* Aim of the task: Lines with "units" in the records below: say how many there are, and add nothing.

[Given information]

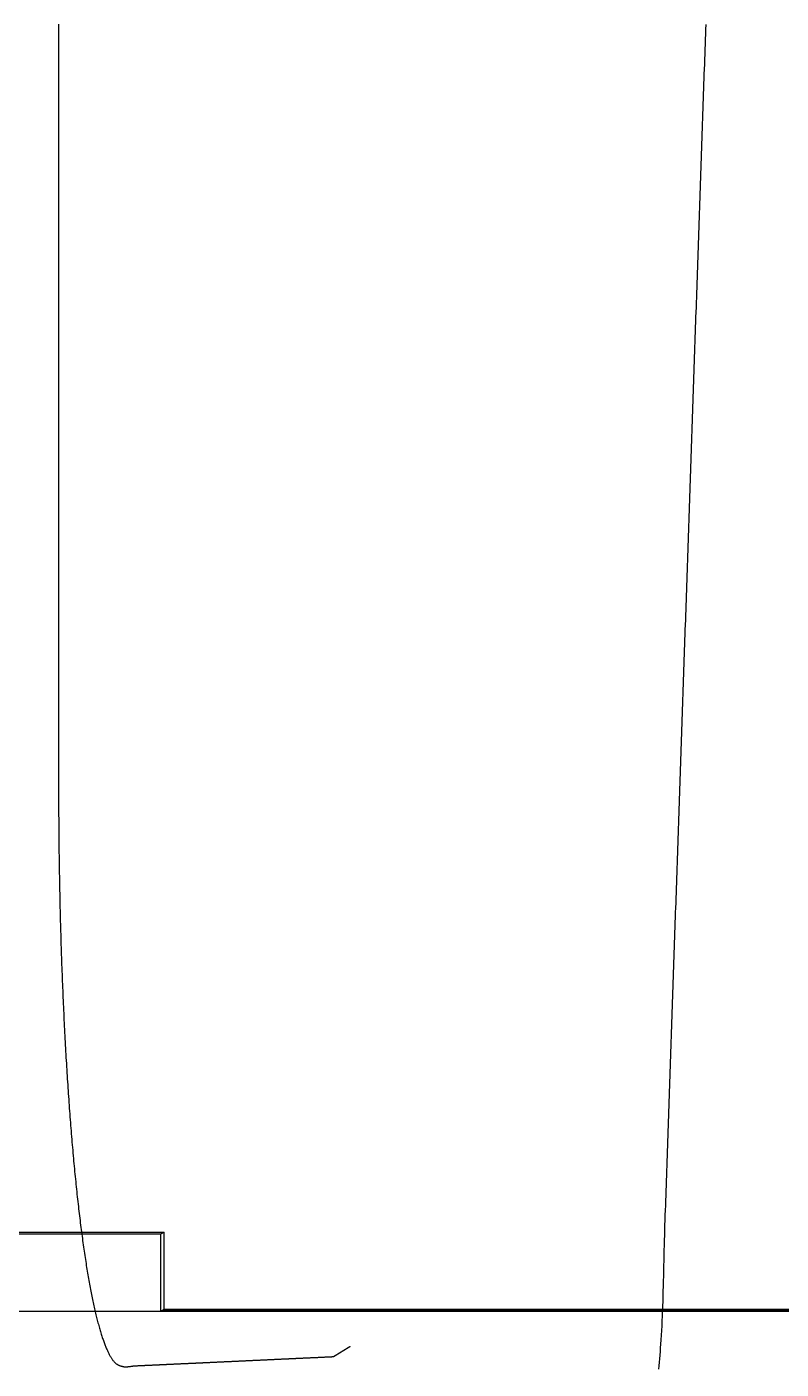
# Model space of a CAD drawing. Header units: millimetres. Extents: x -226 to 218, y -257 to 254.
# Drawn here: x -179.8 to -141.2, y -101.8 to -33.1 of the extents above; entities that cross this region are included whole.
import ezdxf

# ---------------------------------------------------------------- set-up
doc = ezdxf.new("R2010")
doc.units = ezdxf.units.MM
doc.layers.add('SKETCH', color=5, linetype='Continuous')
doc.layers.add('VISIBLE', color=7, linetype='Continuous')

msp = doc.modelspace()

# ---------------------------------------------------------------- linework, layer by layer
at = {"layer": 'SKETCH', "flags": 128}
for points in [[(-178.151, -32.928), (-178.151, -33.182), (-178.151, -33.436), (-178.151, -33.69), (-178.151, -33.944), (-178.151, -34.198), (-178.151, -34.451), (-178.151, -34.705), (-178.151, -34.959), (-178.151, -35.213), (-178.151, -35.467), (-178.151, -35.721), (-178.151, -35.974), (-178.151, -36.228), (-178.151, -36.482), (-178.151, -36.736), (-178.151, -36.99), (-178.151, -37.243), (-178.151, -37.497), (-178.151, -37.751), (-178.151, -38.005), (-178.151, -38.259), (-178.151, -38.512), (-178.151, -38.766), (-178.151, -39.02), (-178.151, -39.274), (-178.151, -39.528), (-178.151, -39.781), (-178.151, -40.035), (-178.151, -40.289), (-178.151, -40.543), (-178.151, -40.797), (-178.151, -41.05), (-178.151, -41.304), (-178.151, -41.558), (-178.151, -41.812), (-178.151, -42.066), (-178.151, -42.319), (-178.151, -42.573), (-178.151, -42.827), (-178.151, -43.081), (-178.151, -43.335), (-178.151, -43.588), (-178.151, -43.842), (-178.151, -44.096), (-178.151, -44.35), (-178.151, -44.603), (-178.151, -44.857), (-178.151, -45.111), (-178.151, -45.365), (-178.151, -45.619), (-178.151, -45.872), (-178.151, -46.126), (-178.151, -46.38), (-178.151, -46.634), (-178.151, -46.888), (-178.151, -47.141), (-178.151, -47.395), (-178.151, -47.649), (-178.151, -47.903), (-178.151, -48.157), (-178.151, -48.41), (-178.151, -48.664), (-178.151, -48.918), (-178.151, -49.172), (-178.151, -49.426), (-178.151, -49.679), (-178.151, -49.933), (-178.151, -50.187), (-178.151, -50.441), (-178.151, -50.695), (-178.151, -50.948), (-178.151, -51.202), (-178.151, -51.456), (-178.151, -51.71), (-178.151, -51.964), (-178.151, -52.217), (-178.151, -52.471), (-178.151, -52.725), (-178.151, -52.979), (-178.151, -53.233), (-178.151, -53.486), (-178.151, -53.74), (-178.151, -53.994), (-178.151, -54.248), (-178.151, -54.502), (-178.151, -54.756), (-178.151, -55.009), (-178.151, -55.263), (-178.151, -55.517), (-178.151, -55.771), (-178.151, -56.025), (-178.151, -56.279), (-178.151, -56.533), (-178.151, -56.786), (-178.151, -57.04), (-178.151, -57.294), (-178.151, -57.548), (-178.151, -57.802), (-178.151, -58.056), (-178.151, -58.309), (-178.151, -58.563), (-178.151, -58.817), (-178.151, -59.071), (-178.151, -59.325), (-178.151, -59.579), (-178.151, -59.832), (-178.151, -60.086), (-178.151, -60.34), (-178.151, -60.594), (-178.151, -60.848), (-178.151, -61.101), (-178.151, -61.355), (-178.151, -61.609), (-178.151, -61.863), (-178.151, -62.117), (-178.151, -62.37), (-178.151, -62.624), (-178.151, -62.878), (-178.151, -63.132), (-178.151, -63.386), (-178.151, -63.639), (-178.151, -63.893), (-178.151, -64.147), (-178.151, -64.401), (-178.151, -64.655), (-178.151, -64.908), (-178.151, -65.162), (-178.151, -65.416), (-178.151, -65.67), (-178.151, -65.925), (-178.152, -66.181), (-178.152, -66.439), (-178.152, -66.698), (-178.152, -66.957), (-178.152, -67.218), (-178.153, -67.479), (-178.153, -67.74), (-178.153, -68.002), (-178.154, -68.263), (-178.154, -68.523), (-178.154, -68.783), (-178.154, -69.042), (-178.155, -69.3), (-178.155, -69.556), (-178.155, -69.811), (-178.155, -70.064), (-178.155, -70.314), (-178.154, -70.563), (-178.154, -70.809), (-178.154, -71.052), (-178.153, -71.291), (-178.152, -71.528), (-178.151, -71.761), (-178.151, -71.954), (-178.15, -72.144), (-178.149, -72.332), (-178.148, -72.518), (-178.148, -72.702), (-178.147, -72.885), (-178.146, -73.065), (-178.145, -73.245), (-178.144, -73.423), (-178.143, -73.599), (-178.142, -73.775), (-178.141, -73.95), (-178.139, -74.124), (-178.138, -74.298), (-178.136, -74.471), (-178.135, -74.643), (-178.133, -74.816), (-178.131, -74.989), (-178.13, -75.161), (-178.127, -75.335), (-178.125, -75.508), (-178.123, -75.682), (-178.12, -75.857), (-178.118, -76.032), (-178.115, -76.209), (-178.112, -76.385), (-178.109, -76.561), (-178.106, -76.737), (-178.102, -76.913), (-178.099, -77.089), (-178.095, -77.264), (-178.092, -77.44), (-178.088, -77.615), (-178.084, -77.791), (-178.08, -77.966), (-178.076, -78.14), (-178.072, -78.315), (-178.068, -78.489), (-178.063, -78.664), (-178.059, -78.837), (-178.054, -79.011), (-178.049, -79.184), (-178.045, -79.357), (-178.04, -79.529), (-178.034, -79.701), (-178.029, -79.873), (-178.024, -80.044), (-178.019, -80.215), (-178.013, -80.386), (-178.007, -80.556), (-178.002, -80.726), (-177.996, -80.896), (-177.99, -81.066), (-177.984, -81.235), (-177.977, -81.405), (-177.971, -81.573), (-177.965, -81.742), (-177.958, -81.91), (-177.951, -82.078), (-177.945, -82.246), (-177.938, -82.413), (-177.931, -82.58), (-177.924, -82.746), (-177.917, -82.912), (-177.909, -83.078), (-177.902, -83.243), (-177.894, -83.407), (-177.887, -83.571), (-177.879, -83.735), (-177.871, -83.898), (-177.863, -84.06), (-177.855, -84.222), (-177.847, -84.384), (-177.839, -84.545), (-177.83, -84.706), (-177.822, -84.866), (-177.813, -85.026), (-177.805, -85.186), (-177.796, -85.345), (-177.787, -85.504), (-177.778, -85.662), (-177.769, -85.82), (-177.76, -85.978), (-177.75, -86.134), (-177.741, -86.291), (-177.731, -86.447), (-177.722, -86.602), (-177.712, -86.757), (-177.702, -86.911), (-177.692, -87.065), (-177.682, -87.218), (-177.672, -87.37), (-177.662, -87.522), (-177.652, -87.673), (-177.641, -87.823), (-177.631, -87.973), (-177.62, -88.122), (-177.61, -88.271), (-177.599, -88.419), (-177.588, -88.566), (-177.577, -88.714), (-177.566, -88.86), (-177.555, -89.006), (-177.544, -89.152), (-177.532, -89.297), (-177.521, -89.441), (-177.509, -89.585), (-177.498, -89.728), (-177.486, -89.87), (-177.474, -90.012), (-177.462, -90.153), (-177.45, -90.293), (-177.438, -90.433), (-177.426, -90.572), (-177.414, -90.71), (-177.401, -90.848), (-177.389, -90.985), (-177.376, -91.121), (-177.364, -91.256), (-177.351, -91.39), (-177.338, -91.524), (-177.326, -91.657), (-177.313, -91.789), (-177.3, -91.921), (-177.286, -92.052), (-177.273, -92.183), (-177.26, -92.313), (-177.247, -92.442), (-177.233, -92.57), (-177.219, -92.698), (-177.206, -92.825), (-177.192, -92.951), (-177.178, -93.077), (-177.164, -93.201), (-177.15, -93.325), (-177.136, -93.448), (-177.122, -93.571), (-177.108, -93.692), (-177.094, -93.813), (-177.079, -93.933), (-177.065, -94.052), (-177.05, -94.17), (-177.036, -94.287), (-177.021, -94.404), (-177.007, -94.519), (-176.992, -94.634), (-176.977, -94.748), (-176.962, -94.861), (-176.947, -94.974), (-176.932, -95.086), (-176.916, -95.197), (-176.901, -95.307), (-176.886, -95.417), (-176.87, -95.525), (-176.855, -95.633), (-176.839, -95.74), (-176.823, -95.846), (-176.808, -95.951), (-176.792, -96.056), (-176.776, -96.159), (-176.76, -96.262), (-176.744, -96.364), (-176.728, -96.464), (-176.712, -96.564), (-176.696, -96.663), (-176.68, -96.761), (-176.663, -96.858), (-176.647, -96.954), (-176.631, -97.049), (-176.614, -97.143), (-176.598, -97.237), (-176.581, -97.329), (-176.565, -97.421), (-176.548, -97.512), (-176.531, -97.601), (-176.514, -97.691), (-176.497, -97.779), (-176.481, -97.866), (-176.464, -97.952), (-176.447, -98.038), (-176.429, -98.122), (-176.412, -98.205), (-176.395, -98.288), (-176.378, -98.37), (-176.361, -98.45), (-176.343, -98.53), (-176.326, -98.609), (-176.308, -98.686), (-176.291, -98.763), (-176.273, -98.839), (-176.256, -98.913), (-176.238, -98.987), (-176.22, -99.059), (-176.203, -99.131), (-176.185, -99.202), (-176.167, -99.272), (-176.149, -99.341), (-176.131, -99.409), (-176.113, -99.476), (-176.095, -99.542), (-176.077, -99.607), (-176.058, -99.671), (-176.04, -99.734), (-176.022, -99.796), (-176.004, -99.857), (-175.985, -99.918), (-175.967, -99.977), (-175.948, -100.035), (-175.93, -100.092), (-175.911, -100.148), (-175.893, -100.203), (-175.874, -100.257), (-175.856, -100.31), (-175.837, -100.362), (-175.819, -100.413), (-175.8, -100.463), (-175.781, -100.511), (-175.763, -100.559), (-175.744, -100.606), (-175.725, -100.652), (-175.706, -100.697), (-175.688, -100.74), (-175.669, -100.783), (-175.65, -100.825), (-175.631, -100.866), (-175.612, -100.905), (-175.593, -100.944), (-175.574, -100.982), (-175.555, -101.018), (-175.536, -101.054), (-175.517, -101.088), (-175.498, -101.122), (-175.479, -101.154), (-175.46, -101.186), (-175.44, -101.216), (-175.421, -101.245), (-175.402, -101.273), (-175.383, -101.3), (-175.364, -101.326), (-175.345, -101.351), (-175.325, -101.375), (-175.306, -101.397), (-175.288, -101.418), (-175.269, -101.437), (-175.25, -101.455), (-175.231, -101.471), (-175.212, -101.487), (-175.193, -101.501), (-175.175, -101.514), (-175.156, -101.527), (-175.137, -101.538), (-175.118, -101.548), (-175.099, -101.558), (-175.08, -101.567), (-175.061, -101.576), (-175.041, -101.584), (-175.022, -101.591), (-175.002, -101.598), (-174.982, -101.604), (-174.962, -101.611), (-174.942, -101.617), (-174.921, -101.623), (-174.901, -101.629), (-174.88, -101.635), (-174.854, -101.641), (-174.828, -101.646), (-174.802, -101.65), (-174.775, -101.653), (-174.748, -101.655), (-174.721, -101.655), (-174.694, -101.655), (-174.666, -101.654), (-174.638, -101.653), (-174.61, -101.65), (-174.582, -101.648), (-174.553, -101.644), (-174.525, -101.641), (-174.496, -101.637), (-174.468, -101.633), (-174.439, -101.629), (-174.41, -101.625), (-174.382, -101.621), (-174.353, -101.617), (-174.325, -101.614), (-174.296, -101.61), (-174.268, -101.608), (-174.24, -101.605), (-174.212, -101.604), (-174.184, -101.602), (-174.156, -101.601), (-174.128, -101.6), (-174.101, -101.599), (-174.073, -101.597), (-174.045, -101.596), (-174.017, -101.595), (-173.989, -101.593), (-173.962, -101.592), (-173.934, -101.591), (-173.906, -101.59), (-173.878, -101.588), (-173.85, -101.587), (-173.823, -101.586), (-173.795, -101.584), (-173.767, -101.583), (-173.739, -101.582), (-173.711, -101.58), (-173.684, -101.579), (-173.656, -101.578), (-173.628, -101.577), (-173.6, -101.575), (-173.572, -101.574), (-173.545, -101.573), (-173.517, -101.571), (-173.489, -101.57), (-173.461, -101.569), (-173.433, -101.568), (-173.406, -101.566), (-173.378, -101.565), (-173.35, -101.564), (-173.322, -101.562), (-173.294, -101.561), (-173.267, -101.56), (-173.239, -101.559), (-173.211, -101.557), (-173.183, -101.556), (-173.156, -101.555), (-173.128, -101.553), (-173.1, -101.552), (-173.072, -101.551), (-173.044, -101.55), (-173.017, -101.548), (-172.989, -101.547), (-172.961, -101.546), (-172.933, -101.544), (-172.905, -101.543), (-172.878, -101.542), (-172.85, -101.541), (-172.822, -101.539), (-172.794, -101.538), (-172.767, -101.537), (-172.739, -101.535), (-172.711, -101.534), (-172.683, -101.533), (-172.655, -101.531), (-172.628, -101.53), (-172.6, -101.529), (-172.572, -101.528), (-172.544, -101.526), (-172.517, -101.525), (-172.489, -101.524), (-172.461, -101.522), (-172.433, -101.521), (-172.406, -101.52), (-172.378, -101.519), (-172.35, -101.517), (-172.322, -101.516), (-172.294, -101.515), (-172.267, -101.513), (-172.239, -101.512), (-172.211, -101.511), (-172.183, -101.51), (-172.156, -101.508), (-172.128, -101.507), (-172.1, -101.506), (-172.072, -101.504), (-172.045, -101.503), (-172.017, -101.502), (-171.989, -101.501), (-171.961, -101.499), (-171.934, -101.498), (-171.906, -101.497), (-171.878, -101.495), (-171.85, -101.494), (-171.823, -101.493), (-171.795, -101.492), (-171.767, -101.49), (-171.739, -101.489), (-171.712, -101.488), (-171.684, -101.486), (-171.656, -101.485), (-171.628, -101.484), (-171.601, -101.483), (-171.573, -101.481), (-171.545, -101.48), (-171.517, -101.479), (-171.49, -101.477), (-171.462, -101.476), (-171.434, -101.475), (-171.406, -101.474), (-171.379, -101.472), (-171.351, -101.471), (-171.323, -101.47), (-171.295, -101.468), (-171.268, -101.467), (-171.24, -101.466), (-171.212, -101.465), (-171.184, -101.463), (-171.157, -101.462), (-171.129, -101.461), (-171.101, -101.459), (-171.073, -101.458), (-171.046, -101.457), (-171.018, -101.456), (-170.99, -101.454), (-170.963, -101.453), (-170.935, -101.452), (-170.907, -101.45), (-170.879, -101.449), (-170.852, -101.448), (-170.824, -101.447), (-170.796, -101.445), (-170.768, -101.444), (-170.741, -101.443), (-170.713, -101.441), (-170.685, -101.44), (-170.658, -101.439), (-170.63, -101.437), (-170.602, -101.436), (-170.574, -101.435), (-170.547, -101.434), (-170.519, -101.432), (-170.491, -101.431), (-170.463, -101.43), (-170.436, -101.428), (-170.408, -101.427), (-170.38, -101.426), (-170.353, -101.425), (-170.325, -101.423), (-170.297, -101.422), (-170.269, -101.421), (-170.242, -101.419), (-170.214, -101.418), (-170.186, -101.417), (-170.159, -101.416), (-170.131, -101.414), (-170.103, -101.413), (-170.075, -101.412), (-170.048, -101.41), (-170.02, -101.409), (-169.992, -101.408), (-169.965, -101.407), (-169.937, -101.405), (-169.909, -101.404), (-169.882, -101.403), (-169.854, -101.401), (-169.826, -101.4), (-169.798, -101.399), (-169.771, -101.398), (-169.743, -101.396), (-169.715, -101.395), (-169.688, -101.394), (-169.66, -101.392), (-169.632, -101.391), (-169.605, -101.39), (-169.577, -101.389), (-169.549, -101.387), (-169.521, -101.386), (-169.494, -101.385), (-169.466, -101.383), (-169.438, -101.382), (-169.411, -101.381), (-169.383, -101.38), (-169.355, -101.378), (-169.328, -101.377), (-169.3, -101.376), (-169.272, -101.375), (-169.245, -101.373), (-169.217, -101.372), (-169.189, -101.371), (-169.162, -101.369), (-169.134, -101.368), (-169.106, -101.367), (-169.079, -101.366), (-169.051, -101.364), (-169.023, -101.363), (-168.995, -101.362), (-168.968, -101.36), (-168.94, -101.359), (-168.912, -101.358), (-168.885, -101.357), (-168.857, -101.355), (-168.829, -101.354), (-168.802, -101.353), (-168.774, -101.351), (-168.746, -101.35), (-168.718, -101.349), (-168.691, -101.348), (-168.663, -101.346), (-168.635, -101.345), (-168.608, -101.344), (-168.58, -101.342), (-168.552, -101.341), (-168.524, -101.34), (-168.497, -101.339), (-168.469, -101.337), (-168.441, -101.336), (-168.413, -101.335), (-168.386, -101.333), (-168.358, -101.332), (-168.33, -101.331), (-168.303, -101.33), (-168.275, -101.328), (-168.247, -101.327), (-168.22, -101.326), (-168.192, -101.324), (-168.164, -101.323), (-168.137, -101.322), (-168.109, -101.321), (-168.081, -101.319), (-168.054, -101.318), (-168.026, -101.317), (-167.998, -101.315), (-167.971, -101.314), (-167.943, -101.313), (-167.915, -101.312), (-167.888, -101.31), (-167.86, -101.309), (-167.832, -101.308), (-167.805, -101.306), (-167.777, -101.305), (-167.749, -101.304), (-167.722, -101.303), (-167.694, -101.301), (-167.666, -101.3), (-167.639, -101.299), (-167.611, -101.297), (-167.584, -101.296), (-167.556, -101.295), (-167.528, -101.294), (-167.501, -101.292), (-167.473, -101.291), (-167.445, -101.29), (-167.418, -101.288), (-167.39, -101.287), (-167.362, -101.286), (-167.335, -101.285), (-167.307, -101.283), (-167.279, -101.282), (-167.252, -101.281), (-167.224, -101.28), (-167.197, -101.278), (-167.169, -101.277), (-167.141, -101.276), (-167.114, -101.274), (-167.086, -101.273), (-167.058, -101.272), (-167.031, -101.271), (-167.003, -101.269), (-166.976, -101.268), (-166.948, -101.267), (-166.92, -101.265), (-166.893, -101.264), (-166.865, -101.263), (-166.837, -101.262), (-166.81, -101.26), (-166.782, -101.259), (-166.755, -101.258), (-166.727, -101.256), (-166.699, -101.255), (-166.672, -101.254), (-166.644, -101.253), (-166.616, -101.251), (-166.589, -101.25), (-166.561, -101.249), (-166.534, -101.247), (-166.506, -101.246), (-166.478, -101.245), (-166.451, -101.244), (-166.423, -101.242), (-166.395, -101.241), (-166.368, -101.24), (-166.34, -101.238), (-166.313, -101.237), (-166.285, -101.236), (-166.257, -101.235), (-166.23, -101.233), (-166.202, -101.232), (-166.175, -101.231), (-166.147, -101.23), (-166.119, -101.228), (-166.092, -101.227), (-166.064, -101.226), (-166.037, -101.224), (-166.009, -101.223), (-165.981, -101.222), (-165.954, -101.221), (-165.926, -101.219), (-165.898, -101.218), (-165.871, -101.217), (-165.843, -101.215), (-165.816, -101.214), (-165.788, -101.213), (-165.76, -101.212), (-165.733, -101.21), (-165.705, -101.209), (-165.678, -101.208), (-165.65, -101.206), (-165.622, -101.205), (-165.595, -101.204), (-165.567, -101.203), (-165.54, -101.201), (-165.512, -101.2), (-165.485, -101.199), (-165.457, -101.198), (-165.429, -101.196), (-165.402, -101.195), (-165.374, -101.194), (-165.347, -101.192), (-165.319, -101.191), (-165.291, -101.19), (-165.264, -101.189), (-165.236, -101.187), (-165.209, -101.186), (-165.181, -101.185), (-165.153, -101.183), (-165.126, -101.182), (-165.098, -101.181), (-165.071, -101.18), (-165.043, -101.178), (-165.016, -101.177), (-164.988, -101.176), (-164.96, -101.174), (-164.933, -101.173), (-164.905, -101.172), (-164.877, -101.171), (-164.848, -101.169), (-164.818, -101.168), (-164.787, -101.166), (-164.756, -101.165), (-164.724, -101.164), (-164.692, -101.162), (-164.66, -101.161), (-164.627, -101.159), (-164.595, -101.158), (-164.563, -101.156), (-164.532, -101.155), (-164.501, -101.153), (-164.471, -101.152), (-164.442, -101.151), (-164.414, -101.149), (-164.387, -101.148), (-164.361, -101.147), (-164.337, -101.146), (-164.315, -101.145), (-164.294, -101.144), (-164.275, -101.143), (-164.258, -101.142), (-164.244, -101.141), (-164.239, -101.141), (-164.235, -101.141), (-164.23, -101.141), (-164.227, -101.14), (-164.223, -101.14), (-164.219, -101.14), (-164.216, -101.14), (-164.213, -101.14), (-164.21, -101.14), (-164.207, -101.139), (-164.204, -101.139), (-164.201, -101.139), (-164.199, -101.139), (-164.196, -101.139), (-164.194, -101.139), (-164.191, -101.139), (-164.189, -101.138), (-164.186, -101.138), (-164.184, -101.138), (-164.182, -101.138), (-164.179, -101.138), (-164.177, -101.138), (-164.174, -101.138), (-164.172, -101.137), (-164.169, -101.137), (-164.167, -101.137), (-164.164, -101.137), (-164.162, -101.137), (-164.159, -101.137), (-164.157, -101.136), (-164.154, -101.136), (-164.152, -101.136), (-164.15, -101.136), (-164.148, -101.136), (-164.145, -101.136), (-164.143, -101.136), (-164.141, -101.135), (-164.139, -101.135), (-164.137, -101.135), (-164.135, -101.135), (-164.132, -101.135), (-164.13, -101.135), (-164.128, -101.134), (-164.126, -101.134), (-164.125, -101.134), (-164.123, -101.134), (-164.121, -101.134), (-164.119, -101.134), (-164.117, -101.133), (-164.115, -101.133), (-164.114, -101.133), (-164.112, -101.133), (-164.11, -101.133), (-164.108, -101.133), (-164.107, -101.133), (-164.105, -101.132), (-164.104, -101.132), (-164.102, -101.132), (-164.101, -101.132), (-164.099, -101.132), (-164.098, -101.132), (-164.096, -101.131), (-164.095, -101.131), (-164.093, -101.131), (-164.092, -101.131), (-164.091, -101.131), (-164.09, -101.131), (-164.088, -101.13), (-164.087, -101.13), (-164.086, -101.13), (-164.085, -101.13), (-164.084, -101.13), (-164.083, -101.13), (-164.082, -101.13), (-164.081, -101.129), (-164.08, -101.129), (-164.08, -101.129), (-164.079, -101.129), (-164.078, -101.129), (-164.077, -101.129), (-164.077, -101.129), (-164.076, -101.128), (-164.076, -101.128), (-164.075, -101.128), (-164.075, -101.128), (-164.074, -101.128), (-164.074, -101.128), (-164.073, -101.128), (-164.073, -101.127), (-164.072, -101.127), (-164.072, -101.127), (-164.071, -101.127), (-164.071, -101.127), (-164.07, -101.127), (-164.069, -101.126), (-164.069, -101.126), (-164.067, -101.125), (-164.065, -101.125), (-164.063, -101.124), (-164.061, -101.123), (-164.059, -101.122), (-164.057, -101.12), (-164.055, -101.119), (-164.053, -101.118), (-164.051, -101.117), (-164.049, -101.115), (-164.047, -101.114), (-164.045, -101.113), (-164.042, -101.111), (-164.04, -101.11), (-164.038, -101.108), (-164.036, -101.107), (-164.034, -101.105), (-164.032, -101.104), (-164.03, -101.102), (-164.027, -101.101), (-164.025, -101.099), (-164.023, -101.098), (-164.021, -101.097), (-164.019, -101.095), (-164.017, -101.094), (-164.015, -101.093), (-164.013, -101.092), (-164.011, -101.09), (-164.009, -101.089), (-164.007, -101.088), (-164.004, -101.086), (-164.002, -101.085), (-164, -101.084), (-163.998, -101.083), (-163.996, -101.081), (-163.994, -101.08), (-163.992, -101.079), (-163.99, -101.077), (-163.988, -101.076), (-163.986, -101.075), (-163.984, -101.074), (-163.982, -101.072), (-163.98, -101.071), (-163.978, -101.07), (-163.975, -101.068), (-163.973, -101.067), (-163.971, -101.066), (-163.969, -101.065), (-163.967, -101.063), (-163.965, -101.062), (-163.963, -101.061), (-163.961, -101.06), (-163.959, -101.058), (-163.957, -101.057), (-163.955, -101.056), (-163.953, -101.054), (-163.951, -101.053), (-163.948, -101.052), (-163.946, -101.051), (-163.944, -101.049), (-163.942, -101.048), (-163.94, -101.047), (-163.938, -101.045), (-163.936, -101.044), (-163.934, -101.043), (-163.932, -101.042), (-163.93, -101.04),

[/Given information]

* Task output: 2